> [WORK TASK]
All of the data, word for word and free of pictures, is the expected result.

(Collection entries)
========

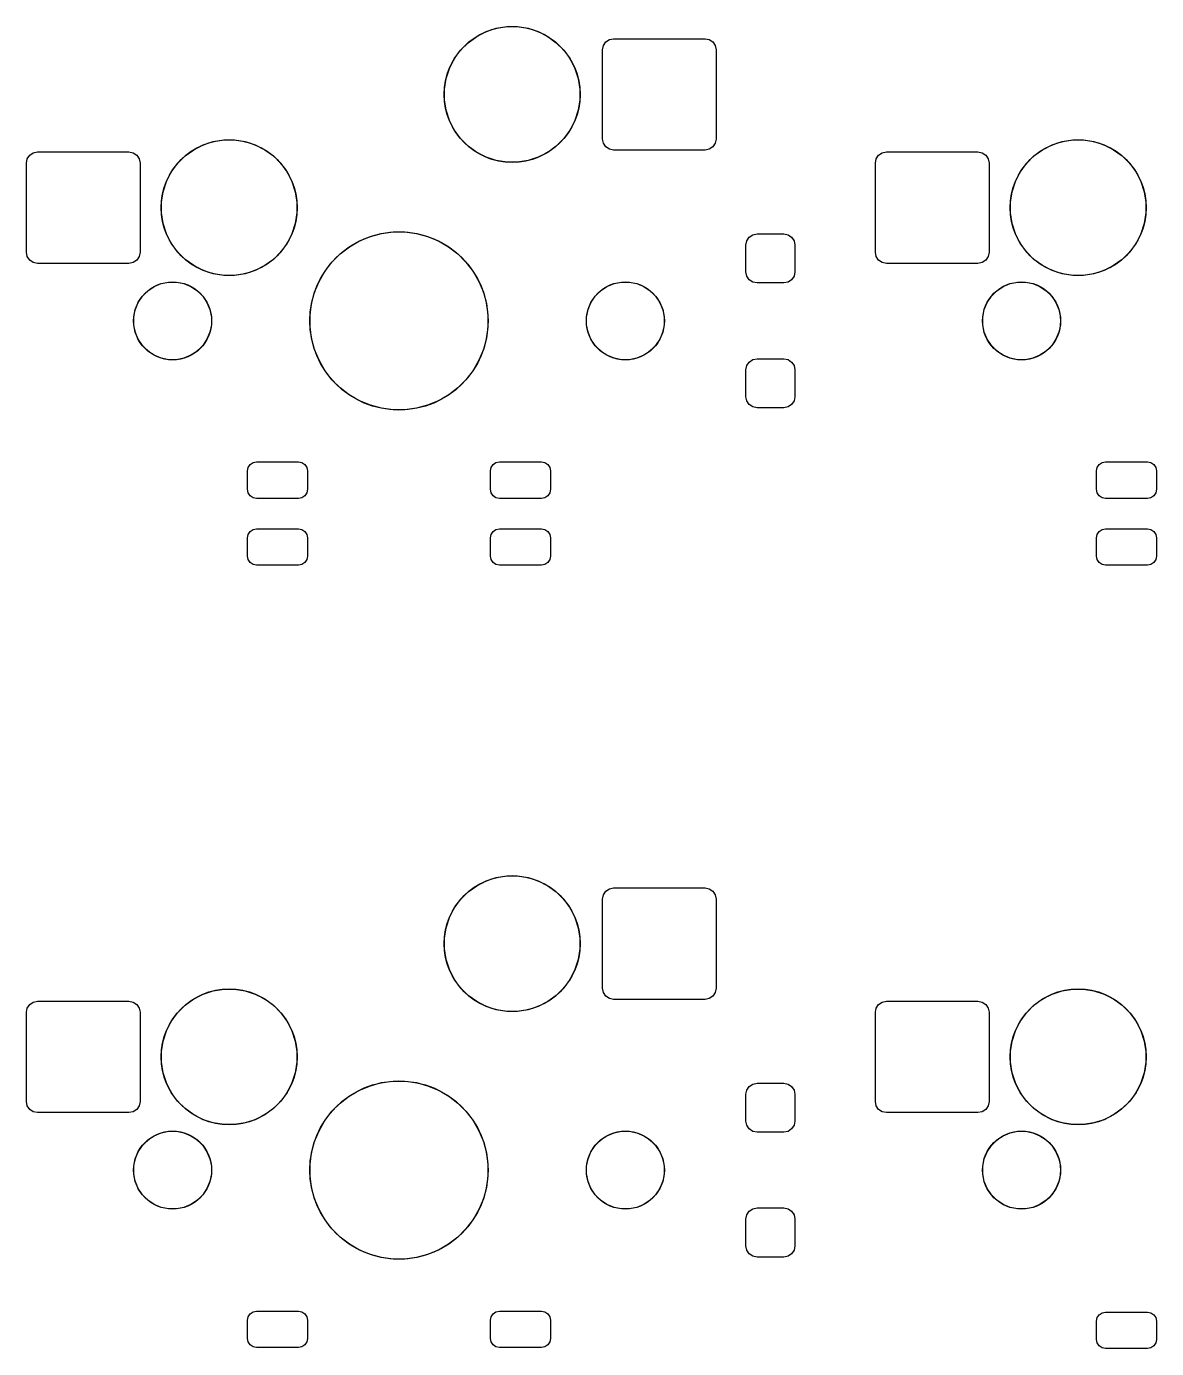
# Model space of a CAD drawing. Header units: millimetres. Extents: x 21 to 415, y -164 to -17.
# Drawn here: x 58.83 to 84.19, y -54.51 to -24.85 of the extents above; entities that cross this region are included whole.
import ezdxf

# ---------------------------------------------------------------- set-up
doc = ezdxf.new("R2010")
doc.units = ezdxf.units.MM
doc.layers.add('B.Mask', color=4, linetype='CONTINUOUS', true_color=0x02ffee)

msp = doc.modelspace()

# ---------------------------------------------------------------- linework, layer by layer
at = {"layer": 'B.Mask', "linetype": 'CONTINUOUS'}
for p, q in [((69.145783, -24.967959), (69.373371, -24.894011)), ((69.373371, -24.894011), (69.609725, -24.856576)), ((69.609725, -24.856576), (69.849025, -24.856576)), ((69.849025, -24.856576), (70.085379, -24.894011)), ((70.085379, -24.894011), (70.312967, -24.967959)), ((68.738967, -25.217256), (68.932565, -25.076599)), ((68.932565, -25.076599), (69.145783, -24.967959)), ((70.312967, -24.967959), (70.526185, -25.076599)), ((70.526185, -25.076599), (70.719783, -25.217256)), ((71.775405, -25.281204), (71.829598, -25.200098)), ((71.829598, -25.200098), (71.910704, -25.145905)), ((71.910704, -25.145905), (72.006375, -25.126875)), ((72.006375, -25.126875), (74.056375, -25.126875)), ((74.056375, -25.126875), (74.152046, -25.145905)), ((74.152046, -25.145905), (74.233152, -25.200098)), ((74.233152, -25.200098), (74.287345, -25.281204)), ((68.429099, -25.580065), (68.569756, -25.386467)), ((68.569756, -25.386467), (68.738967, -25.217256)), ((70.719783, -25.217256), (70.888994, -25.386467)), ((70.888994, -25.386467), (71.029651, -25.580065)), ((71.756375, -25.376875), (71.775405, -25.281204)), ((71.756375, -27.376875), (71.756375, -25.376875)), ((74.287345, -25.281204), (74.306375, -25.376875)), ((74.306375, -25.376875), (74.306375, -27.376875)), ((68.246511, -26.020871), (68.320459, -25.793283)), ((68.320459, -25.793283), (68.429099, -25.580065)), ((71.029651, -25.580065), (71.138291, -25.793283)), ((71.138291, -25.793283), (71.212239, -26.020871)), ((68.209076, -26.257225), (68.246511, -26.020871)), ((71.212239, -26.020871), (71.249674, -26.257225)), ((68.209076, -26.496525), (68.209076, -26.257225)), ((71.249674, -26.257225), (71.249674, -26.496525)), ((68.246511, -26.732879), (68.209076, -26.496525)), ((71.249674, -26.496525), (71.212239, -26.732879)), ((68.320459, -26.960467), (68.246511, -26.732879)), ((68.429099, -27.173685), (68.320459, -26.960467)), ((71.138291, -26.960467), (71.029651, -27.173685)), ((71.212239, -26.732879), (71.138291, -26.960467)), ((68.569756, -27.367283), (68.429099, -27.173685)), ((71.029651, -27.173685), (70.888994, -27.367283)), ((62.582565, -27.616599), (62.795783, -27.507959)), ((62.795783, -27.507959), (63.023371, -27.434011)), ((63.023371, -27.434011), (63.259725, -27.396576)), ((63.259725, -27.396576), (63.499025, -27.396576)), ((63.499025, -27.396576), (63.735379, -27.434011)), ((63.735379, -27.434011), (63.962967, -27.507959)), ((63.962967, -27.507959), (64.176185, -27.616599)), ((68.738967, -27.536494), (68.569756, -27.367283)), ((68.932565, -27.677151), (68.738967, -27.536494)), ((70.719783, -27.536494), (70.526185, -27.677151)), ((70.888994, -27.367283), (70.719783, -27.536494)), ((71.775405, -27.472546), (71.756375, -27.376875)), ((71.829598, -27.553652), (71.775405, -27.472546)), ((71.910704, -27.607845), (71.829598, -27.553652)), ((74.233152, -27.553652), (74.152046, -27.607845)), ((74.287345, -27.472546), (74.233152, -27.553652)), ((74.306375, -27.376875), (74.287345, -27.472546)), ((81.632565, -27.616599), (81.845783, -27.507959)), ((81.845783, -27.507959), (82.073371, -27.434011)), ((82.073371, -27.434011), (82.309725, -27.396576)), ((82.309725, -27.396576), (82.549025, -27.396576)), ((82.549025, -27.396576), (82.785379, -27.434011)), ((82.785379, -27.434011), (83.012967, -27.507959)), ((83.012967, -27.507959), (83.226185, -27.616599)), ((58.829375, -27.916875), (58.848405, -27.821204)), ((58.848405, -27.821204), (58.902598, -27.740098)), ((58.902598, -27.740098), (58.983704, -27.685905)), ((58.983704, -27.685905), (59.079375, -27.666875)), ((59.079375, -27.666875), (61.129375, -27.666875)), ((61.129375, -27.666875), (61.225046, -27.685905)), ((61.225046, -27.685905), (61.306152, -27.740098)), ((61.306152, -27.740098), (61.360345, -27.821204)), ((61.360345, -27.821204), (61.379375, -27.916875)), ((62.219756, -27.926467), (62.388967, -27.757256)), ((62.388967, -27.757256), (62.582565, -27.616599)), ((64.176185, -27.616599), (64.369783, -27.757256)), ((64.369783, -27.757256), (64.538994, -27.926467)), ((69.145783, -27.785791), (68.932565, -27.677151)), ((69.373371, -27.859739), (69.145783, -27.785791)), ((69.609725, -27.897174), (69.373371, -27.859739)), ((70.085379, -27.859739), (69.849025, -27.897174)), ((70.312967, -27.785791), (70.085379, -27.859739)), ((70.526185, -27.677151), (70.312967, -27.785791)), ((72.006375, -27.626875), (71.910704, -27.607845)), ((74.056375, -27.626875), (72.006375, -27.626875)), ((74.152046, -27.607845), (74.056375, -27.626875)), ((77.879375, -27.916875), (77.898405, -27.821204)), ((77.898405, -27.821204), (77.952598, -27.740098)), ((77.952598, -27.740098), (78.033704, -27.685905)), ((78.033704, -27.685905), (78.129375, -27.666875)), ((78.129375, -27.666875), (80.179375, -27.666875)), ((80.179375, -27.666875), (80.275046, -27.685905)), ((80.275046, -27.685905), (80.356152, -27.740098)), ((80.356152, -27.740098), (80.410345, -27.821204)), ((80.410345, -27.821204), (80.429375, -27.916875)), ((81.269756, -27.926467), (81.438967, -27.757256)), ((81.438967, -27.757256), (81.632565, -27.616599)), ((83.226185, -27.616599), (83.419783, -27.757256)), ((83.419783, -27.757256), (83.588994, -27.926467)), ((58.829375, -29.916875), (58.829375, -27.916875)), ((61.379375, -27.916875), (61.379375, -29.916875)), ((61.970459, -28.333283), (62.079099, -28.120065)), ((62.079099, -28.120065), (62.219756, -27.926467)), ((64.538994, -27.926467), (64.679651, -28.120065)), ((64.679651, -28.120065), (64.788291, -28.333283)), ((69.849025, -27.897174), (69.609725, -27.897174)), ((77.879375, -29.916875), (77.879375, -27.916875)), ((80.429375, -27.916875), (80.429375, -29.916875)), ((81.020459, -28.333283), (81.129099, -28.120065)), ((81.129099, -28.120065), (81.269756, -27.926467)), ((83.588994, -27.926467), (83.729651, -28.120065)), ((83.729651, -28.120065), (83.838291, -28.333283)), ((61.896511, -28.560871), (61.970459, -28.333283)), ((64.788291, -28.333283), (64.862239, -28.560871)), ((80.946511, -28.560871), (81.020459, -28.333283)), ((83.838291, -28.333283), (83.912239, -28.560871)), ((61.859076, -28.797225), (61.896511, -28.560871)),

========

> [RESULT OF THIS EXERCISE]
# Model space of a CAD drawing. Header units: millimetres. Extents: x 21 to 415, y -164 to -17.
# Drawn here: x 58.83 to 84.19, y -54.51 to -24.85 of the extents above; entities that cross this region are included whole.
import ezdxf

# ---------------------------------------------------------------- set-up
doc = ezdxf.new("R2010")
doc.units = ezdxf.units.MM
doc.layers.add('B.Mask', color=4, linetype='CONTINUOUS', true_color=0x02ffee)

msp = doc.modelspace()

# ---------------------------------------------------------------- linework, layer by layer
at = {"layer": 'B.Mask', "linetype": 'CONTINUOUS'}
for p, q in [((69.145783, -24.967959), (69.373371, -24.894011)), ((69.373371, -24.894011), (69.609725, -24.856576)), ((69.609725, -24.856576), (69.849025, -24.856576)), ((69.849025, -24.856576), (70.085379, -24.894011)), ((70.085379, -24.894011), (70.312967, -24.967959)), ((68.738967, -25.217256), (68.932565, -25.076599)), ((68.932565, -25.076599), (69.145783, -24.967959)), ((70.312967, -24.967959), (70.526185, -25.076599)), ((70.526185, -25.076599), (70.719783, -25.217256)), ((71.775405, -25.281204), (71.829598, -25.200098)), ((71.829598, -25.200098), (71.910704, -25.145905)), ((71.910704, -25.145905), (72.006375, -25.126875)), ((72.006375, -25.126875), (74.056375, -25.126875)), ((74.056375, -25.126875), (74.152046, -25.145905)), ((74.152046, -25.145905), (74.233152, -25.200098)), ((74.233152, -25.200098), (74.287345, -25.281204)), ((68.429099, -25.580065), (68.569756, -25.386467)), ((68.569756, -25.386467), (68.738967, -25.217256)), ((70.719783, -25.217256), (70.888994, -25.386467)), ((70.888994, -25.386467), (71.029651, -25.580065)), ((71.756375, -25.376875), (71.775405, -25.281204)), ((71.756375, -27.376875), (71.756375, -25.376875)), ((74.287345, -25.281204), (74.306375, -25.376875)), ((74.306375, -25.376875), (74.306375, -27.376875)), ((68.246511, -26.020871), (68.320459, -25.793283)), ((68.320459, -25.793283), (68.429099, -25.580065)), ((71.029651, -25.580065), (71.138291, -25.793283)), ((71.138291, -25.793283), (71.212239, -26.020871)), ((68.209076, -26.257225), (68.246511, -26.020871)), ((71.212239, -26.020871), (71.249674, -26.257225)), ((68.209076, -26.496525), (68.209076, -26.257225)), ((71.249674, -26.257225), (71.249674, -26.496525)), ((68.246511, -26.732879), (68.209076, -26.496525)), ((71.249674, -26.496525), (71.212239, -26.732879)), ((68.320459, -26.960467), (68.246511, -26.732879)), ((68.429099, -27.173685), (68.320459, -26.960467)), ((71.138291, -26.960467), (71.029651, -27.173685)), ((71.212239, -26.732879), (71.138291, -26.960467)), ((68.569756, -27.367283), (68.429099, -27.173685)), ((71.029651, -27.173685), (70.888994, -27.367283)), ((62.582565, -27.616599), (62.795783, -27.507959)), ((62.795783, -27.507959), (63.023371, -27.434011)), ((63.023371, -27.434011), (63.259725, -27.396576)), ((63.259725, -27.396576), (63.499025, -27.396576)), ((63.499025, -27.396576), (63.735379, -27.434011)), ((63.735379, -27.434011), (63.962967, -27.507959)), ((63.962967, -27.507959), (64.176185, -27.616599)), ((68.738967, -27.536494), (68.569756, -27.367283)), ((68.932565, -27.677151), (68.738967, -27.536494)), ((70.719783, -27.536494), (70.526185, -27.677151)), ((70.888994, -27.367283), (70.719783, -27.536494)), ((71.775405, -27.472546), (71.756375, -27.376875)), ((71.829598, -27.553652), (71.775405, -27.472546)), ((71.910704, -27.607845), (71.829598, -27.553652)), ((74.233152, -27.553652), (74.152046, -27.607845)), ((74.287345, -27.472546), (74.233152, -27.553652)), ((74.306375, -27.376875), (74.287345, -27.472546)), ((81.632565, -27.616599), (81.845783, -27.507959)), ((81.845783, -27.507959), (82.073371, -27.434011)), ((82.073371, -27.434011), (82.309725, -27.396576)), ((82.309725, -27.396576), (82.549025, -27.396576)), ((82.549025, -27.396576), (82.785379, -27.434011)), ((82.785379, -27.434011), (83.012967, -27.507959)), ((83.012967, -27.507959), (83.226185, -27.616599)), ((58.829375, -27.916875), (58.848405, -27.821204)), ((58.848405, -27.821204), (58.902598, -27.740098)), ((58.902598, -27.740098), (58.983704, -27.685905)), ((58.983704, -27.685905), (59.079375, -27.666875)), ((59.079375, -27.666875), (61.129375, -27.666875)), ((61.129375, -27.666875), (61.225046, -27.685905)), ((61.225046, -27.685905), (61.306152, -27.740098)), ((61.306152, -27.740098), (61.360345, -27.821204)), ((61.360345, -27.821204), (61.379375, -27.916875)), ((62.219756, -27.926467), (62.388967, -27.757256)), ((62.388967, -27.757256), (62.582565, -27.616599)), ((64.176185, -27.616599), (64.369783, -27.757256)), ((64.369783, -27.757256), (64.538994, -27.926467)), ((69.145783, -27.785791), (68.932565, -27.677151)), ((69.373371, -27.859739), (69.145783, -27.785791)), ((69.609725, -27.897174), (69.373371, -27.859739)), ((70.085379, -27.859739), (69.849025, -27.897174)), ((70.312967, -27.785791), (70.085379, -27.859739)), ((70.526185, -27.677151), (70.312967, -27.785791)), ((72.006375, -27.626875), (71.910704, -27.607845)), ((74.056375, -27.626875), (72.006375, -27.626875)), ((74.152046, -27.607845), (74.056375, -27.626875)), ((77.879375, -27.916875), (77.898405, -27.821204)), ((77.898405, -27.821204), (77.952598, -27.740098)), ((77.952598, -27.740098), (78.033704, -27.685905)), ((78.033704, -27.685905), (78.129375, -27.666875)), ((78.129375, -27.666875), (80.179375, -27.666875)), ((80.179375, -27.666875), (80.275046, -27.685905)), ((80.275046, -27.685905), (80.356152, -27.740098)), ((80.356152, -27.740098), (80.410345, -27.821204)), ((80.410345, -27.821204), (80.429375, -27.916875)), ((81.269756, -27.926467), (81.438967, -27.757256)), ((81.438967, -27.757256), (81.632565, -27.616599)), ((83.226185, -27.616599), (83.419783, -27.757256)), ((83.419783, -27.757256), (83.588994, -27.926467)), ((58.829375, -29.916875), (58.829375, -27.916875)), ((61.379375, -27.916875), (61.379375, -29.916875)), ((61.970459, -28.333283), (62.079099, -28.120065)), ((62.079099, -28.120065), (62.219756, -27.926467)), ((64.538994, -27.926467), (64.679651, -28.120065)), ((64.679651, -28.120065), (64.788291, -28.333283)), ((69.849025, -27.897174), (69.609725, -27.897174)), ((77.879375, -29.916875), (77.879375, -27.916875)), ((80.429375, -27.916875), (80.429375, -29.916875)), ((81.020459, -28.333283), (81.129099, -28.120065)), ((81.129099, -28.120065), (81.269756, -27.926467)), ((83.588994, -27.926467), (83.729651, -28.120065)), ((83.729651, -28.120065), (83.838291, -28.333283)), ((61.896511, -28.560871), (61.970459, -28.333283)), ((64.788291, -28.333283), (64.862239, -28.560871)), ((80.946511, -28.560871), (81.020459, -28.333283)), ((83.838291, -28.333283), (83.912239, -28.560871)), ((61.859076, -28.797225), (61.896511, -28.560871)),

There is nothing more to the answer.